**Task objective**
For each line below that includes the word "schematic", make a copy.

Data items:
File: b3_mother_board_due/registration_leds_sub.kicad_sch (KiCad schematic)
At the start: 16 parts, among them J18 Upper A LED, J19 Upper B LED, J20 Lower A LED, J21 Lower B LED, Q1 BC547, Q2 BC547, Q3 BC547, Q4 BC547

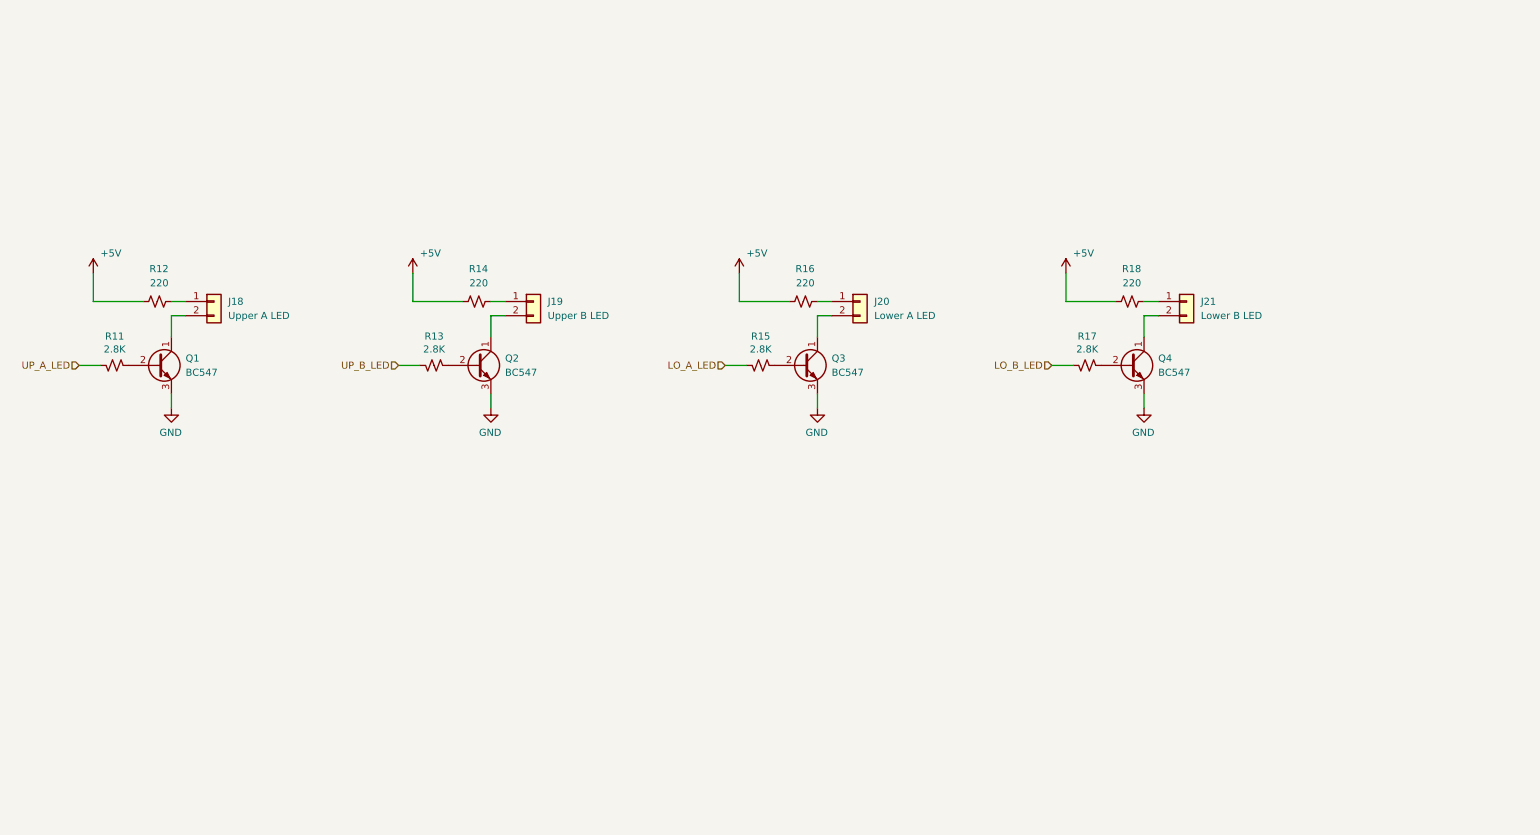
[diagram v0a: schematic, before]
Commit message: New organ architecture with mother board
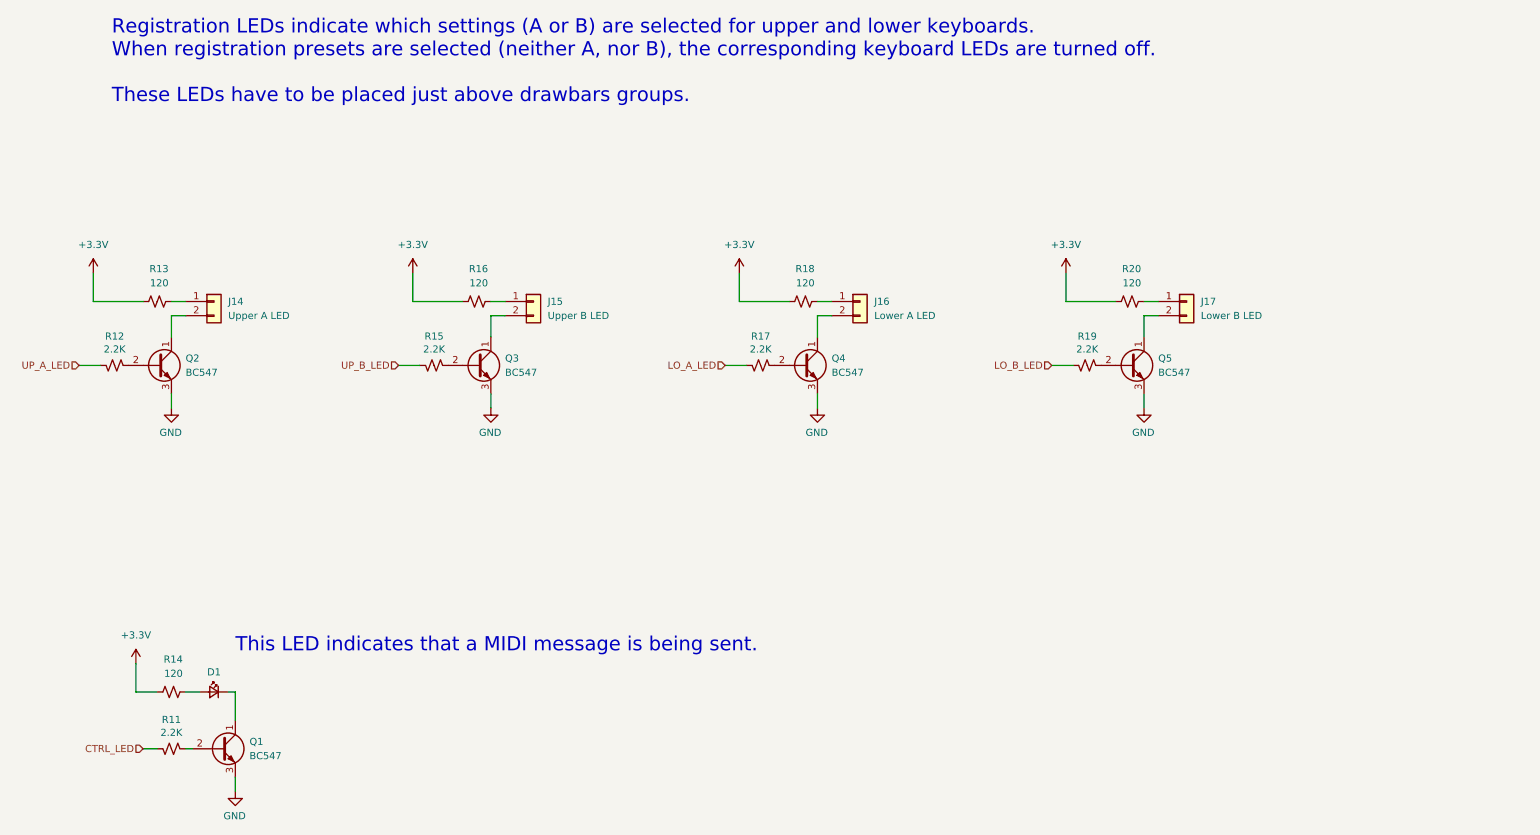
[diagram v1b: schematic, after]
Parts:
- added D1: Keyboards, LED_THT:LED_D3.0mm, symbol Device:LED_Small
- added Q1: BC547, Package_TO_SOT_THT:TO-92_Inline, symbol Transistor_BJT:BC547
- added R11: 2.2K, Resistor_THT:R_Axial_DIN0207_L6.3mm_D2.5mm_P7.62mm_Horizontal, symbol Device:R_Small_US
- added R14: 120, Resistor_THT:R_Axial_DIN0207_L6.3mm_D2.5mm_P7.62mm_Horizontal, symbol Device:R_Small_US
- R12: renamed from R11; value 2.8K -> 2.2K
- R13: renamed from R12; value 220 -> 120
- R15: renamed from R13; value 2.8K -> 2.2K
- R16: renamed from R14; value 220 -> 120
- R17: renamed from R15; value 2.8K -> 2.2K
- R18: renamed from R16; value 220 -> 120
- R19: renamed from R17; value 2.8K -> 2.2K
- R20: renamed from R18; value 220 -> 120
- renumbered J18 to J14, J19 to J15, J20 to J16, J21 to J17, Q1 to Q2, Q2 to Q3, Q3 to Q4, Q4 to Q5
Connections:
- net GND: now also Q1.3 (E)
- net +5V renamed +3.3V
- net +3.3V: now also R14.1
- new net: Q1.2 (B), R11.2
- new net: D1.1 (K), Q1.1 (C)
- new net: D1.2 (A), R14.2
- new net CTRL_LED: R11.1
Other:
- note added: "Registration LEDs indicate which settings (A or B) are selected for upper and lower keyboards. When registration presets are selected (neither A, nor B), the corresponding keyboard LEDs are turned off. These LEDs have to be placed just above drawbars groups."
- note added: "This LED indicates that a MIDI message is being sent."

**Final answer**
File: b3_mother_board_due/registration_leds_sub.kicad_sch (KiCad schematic)
[diagram v0a: schematic, before]
[diagram v1b: schematic, after]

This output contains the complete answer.